Boy mengambil air untuk Goldy. Menuangkan air diatas mangkok makan dirumah. Baru tadi malam, mangkok yang sama, digunakan Rindu untuk menyantap sereal. Rindu masih tidak siap untuk berdekatan dengan Goldy, walaupun tubuhnya ingin sekali menomprok gempal punggung Goldy
“Itu mangkok buat apa, Mas?” Rindu melihat Boy sedang menyeimbangkan isi mangkok yang terlalu penuh. Ditangan satunya ada roti.
“Hehehe. Buat minum Goldy,” Boy meringis menghentikan sejenak langkahnya.
”Yah! Masa pakai mangkok rumah, Mas,” Rindu menyergap ulah Boy, tidak lama kemudian, ”yaudah gak apa-apa,” lanjutnya lagi. Rindu ikhlas asalkan untuk Goldy.
“Besok-besok gue makan mie gelas aja, gak perlu mangkok,” Rindu bergumam pasrah, melepas nafasnya panjang-panjang. Rindu menelisik ke arah dapur, disana masih banyak gelas bersusun-susun.
Goldy masih duduk disana, ditempat yang sama, tanpa bergerak satu centimeter pun. Rahang Goldy mengatup dan terbuka, lidahnya keluar masuk. Melihat air menetes dari mangkok, lidah Goldy menyapu kemana-mana, dua kaki depannya bergetar-getar.
Goldy langsung menyambar, sesaat mangkok itu mendarat di lantai. Air terpental-pental disekitar, delapan helai kumis Goldy basah semua. Rindu memperhatikan di balik jendela, ekornya bergerak bagai kemoceng warna-warni.
Seketika air habis, Goldy kembali duduk menghadap ke arah Boy, lidahnya masih menjulur, mengelap seluruh sisi mulutnya. Boy sadar Goldy fokus kepada roti ditangannya. Boy memotek roti itu, seketika dilahapnya. Hampir saja tangannya pun disambar. Boy memberikan sisanya, dan dilahap lagi. Boy merasa kalau Goldy sedang lapar, dan segera mengembalikan Goldy kepada Ramon.
“Tok, tok, tok.”
Boy mengetuk pintu Ramon.
Di dalam kamar. Ramon sedang berbaring disebelah Gadis, keduanya mengisi waktu dengan membaca Novel ditangannya masing-masing. Di depan wajah Gadis, ada sampul Novel bergambar pria sedang terduduk di bawah lampu, berjudul Edensor. Di genggaman Ramon juga masih sekuel yang sama dari buku disebelahnya, Maryanah Karpov karya andrea Hirata. Mereka berdua berganti-gantian membaca Novel Tertralogi itu.

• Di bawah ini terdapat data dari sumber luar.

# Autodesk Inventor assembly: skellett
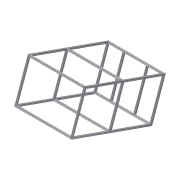
[picture p0: Inventor's stored thumbnail of the model, 180x180]
Saved by Autodesk Inventor 2014 SP1 (Build 180222100, 222)
## iProperties
Created: 2015-02-04
Part Number: skellett
Document SubType Name: Assembly
Designer: Simen
Author: Simen
## Documents named in this file (5)
- C:\Users\Simen\Documents\git\Eit\skjellet\skellett.iam
- C:\Users\Simen\Documents\git\Eit\skjellet\KHFS5_2020_1000.ipt
- C:\Users\Simen\Documents\git\Eit\skjellet\KHFS5_2020_500.ipt
- C:\Users\Simen\Documents\git\Eit\skjellet\KHFS5_2020_660.ipt
- C:\Users\Simen\Documents\git\Eit\skjellet\KHFS5_2020_460.ipt
## Components (18 placed, 1 different names)
1. KHFS5-2020-4000:6 — Mate:14, Flush:16, Flush:17, Flush:22, Flush:23, Mate:19
2. KHFS5-2020-4000:11
3. KHFS5-2020-4000:7 — Flush:20, Flush:21, Mate:18, Flush:22, Flush:23, Mate:19, Mate:20, Mate:21, Flush:28, Flush:29, Flush:30, Flush:31
4. KHFS5-2020-4000:8 — Flush:20, Flush:21, Mate:18, Mate:32
5. KHFS5-2020-4000:10
6. KHFS5-2020-4000:9 — Mate:14, Flush:16, Flush:17, Mate:22, Mate:23, Flush:24, Flush:25, Flush:26, Flush:27
7. KHFS5-2020-4000:12 — Mate:23, Flush:26, Flush:27, Mate:31, Flush:43
8. KHFS5-2020-4000:13 — Mate:22, Flush:24, Flush:25
9. KHFS5-2020-4000:19
10. KHFS5-2020-4000:14 — Mate:20, Flush:30, Flush:31, Flush:40, Mate:29
11. KHFS5-2020-4000:15 — Mate:21, Flush:28, Flush:29, Flush:41, Mate:28, Mate:30, Flush:42
12. KHFS5-2020-4000:16
13. KHFS5-2020-4000:17
14. KHFS5-2020-4000:18
15. KHFS5-2020-4000:20 — Flush:40, Mate:29, Flush:46, Mate:32
16. KHFS5-2020-4000:21 — Flush:41, Mate:28, Flush:44, Flush:45
17. KHFS5-2020-4000:22 — Mate:30, Flush:42, Flush:45, Flush:46
18. KHFS5-2020-4000:23 — Mate:31, Flush:43, Flush:44
## Relationships (49: Flush 31, Mate 18)
- Mate:14: KHFS5-2020-4000:6 ↔ KHFS5-2020-4000:9
- Flush:16: KHFS5-2020-4000:6 ↔ KHFS5-2020-4000:9
- Flush:17: KHFS5-2020-4000:6 ↔ KHFS5-2020-4000:9
- [Flush]: KHFS5-2020-4000:6 ↔ KHFS5-2020-4000:10
- [Mate]: KHFS5-2020-4000:6 ↔ KHFS5-2020-4000:10
- [Flush]: KHFS5-2020-4000:11 ↔ KHFS5-2020-4000:8
- [Mate]: KHFS5-2020-4000:11 ↔ KHFS5-2020-4000:8
- Flush:20: KHFS5-2020-4000:7 ↔ KHFS5-2020-4000:8
- Flush:21: KHFS5-2020-4000:7 ↔ KHFS5-2020-4000:8
- Mate:18: KHFS5-2020-4000:7 ↔ KHFS5-2020-4000:8
- Flush:22: KHFS5-2020-4000:6 ↔ KHFS5-2020-4000:7
- Flush:23: KHFS5-2020-4000:6 ↔ KHFS5-2020-4000:7
- Mate:19: KHFS5-2020-4000:6 ↔ KHFS5-2020-4000:7
- Mate:20: KHFS5-2020-4000:7 ↔ KHFS5-2020-4000:14
- Mate:21: KHFS5-2020-4000:7 ↔ KHFS5-2020-4000:15
- Mate:22: KHFS5-2020-4000:9 ↔ KHFS5-2020-4000:13
- Mate:23: KHFS5-2020-4000:9 ↔ KHFS5-2020-4000:12
- Flush:24: KHFS5-2020-4000:9 ↔ KHFS5-2020-4000:13
- Flush:25: KHFS5-2020-4000:9 ↔ KHFS5-2020-4000:13
- Flush:26: KHFS5-2020-4000:9 ↔ KHFS5-2020-4000:12
- Flush:27: KHFS5-2020-4000:9 ↔ KHFS5-2020-4000:12
- Flush:28: KHFS5-2020-4000:7 ↔ KHFS5-2020-4000:15
- Flush:29: KHFS5-2020-4000:7 ↔ KHFS5-2020-4000:15
- Flush:30: KHFS5-2020-4000:7 ↔ KHFS5-2020-4000:14
- Flush:31: KHFS5-2020-4000:7 ↔ KHFS5-2020-4000:14
- [Mate]: KHFS5-2020-4000:16 ↔ KHFS5-2020-4000:18
- [Flush]: KHFS5-2020-4000:16 ↔ KHFS5-2020-4000:18
- [Flush]: KHFS5-2020-4000:16 ↔ KHFS5-2020-4000:18
- [Flush]: KHFS5-2020-4000:17 ↔ KHFS5-2020-4000:18
- [Mate]: KHFS5-2020-4000:17 ↔ KHFS5-2020-4000:18
- [Flush]: KHFS5-2020-4000:17 ↔ KHFS5-2020-4000:18
- [Flush]: KHFS5-2020-4000:13 ↔ KHFS5-2020-4000:18
- [Mate]: KHFS5-2020-4000:13 ↔ KHFS5-2020-4000:18
- [Flush]: KHFS5-2020-4000:19 ↔ KHFS5-2020-4000:16
- [Flush]: KHFS5-2020-4000:19 ↔ KHFS5-2020-4000:16
- [Mate]: KHFS5-2020-4000:19 ↔ KHFS5-2020-4000:17
- [Flush]: KHFS5-2020-4000:13 ↔ KHFS5-2020-4000:19
- Flush:40: KHFS5-2020-4000:14 ↔ KHFS5-2020-4000:20
- Flush:41: KHFS5-2020-4000:15 ↔ KHFS5-2020-4000:21
- Mate:28: KHFS5-2020-4000:15 ↔ KHFS5-2020-4000:21
- Mate:29: KHFS5-2020-4000:14 ↔ KHFS5-2020-4000:20
- Mate:30: KHFS5-2020-4000:15 ↔ KHFS5-2020-4000:22
- Flush:42: KHFS5-2020-4000:15 ↔ KHFS5-2020-4000:22
- Mate:31: KHFS5-2020-4000:12 ↔ KHFS5-2020-4000:23
- Flush:43: KHFS5-2020-4000:12 ↔ KHFS5-2020-4000:23
- Flush:44: KHFS5-2020-4000:21 ↔ KHFS5-2020-4000:23
- Flush:45: KHFS5-2020-4000:21 ↔ KHFS5-2020-4000:22
- Flush:46: KHFS5-2020-4000:20 ↔ KHFS5-2020-4000:22
- Mate:32 (510 mm): KHFS5-2020-4000:8 ↔ KHFS5-2020-4000:20

“Ada yang ngetok lagi, yang,” Gadis menggeser Novel dari wajahnya, konsentrasi mendengar suara dari bawah.
”Paling tetangga sebelah, balikin Goldy,” Ramon meyakinkan diri.
Ramon membuka pintu, mendapati Goldy sedang duduk didepan pintu bersama Boy. Goldy memicingkan mata ke arah Ramon, entah apa maksud pandangannya itu.
“Makasih, Mon. Seru lari bareng Goldy,” Boy berseru dengan gembira.
”Iya Bro. Dia emang suka diajak lari,” Ramon membenarkan, meremas batok kepala Goldy.
Dalam benaknya semoga ini yang terakhir. Ramon terlampau sungkan untuk menolak dan menepiskan permintaan orang lain, gak enakan.
”Kayaknya Goldy laper, deh. Tadi gue kasih roti habis satu,” Boy memberi tahu, mengusap-usap punggung Goldy.
”Astaga! Dari semalem belum makan dia. Thanks ya bro udah ngingetin,” Ramon kumat lagi, berganti mengurut-urut dahinya.
“Bener kelaperan si Goldy. Ramon lupa kasih makan Goldy dari kemarin,” Boy memberitahu Rindu, sambil menolak pinggangnya.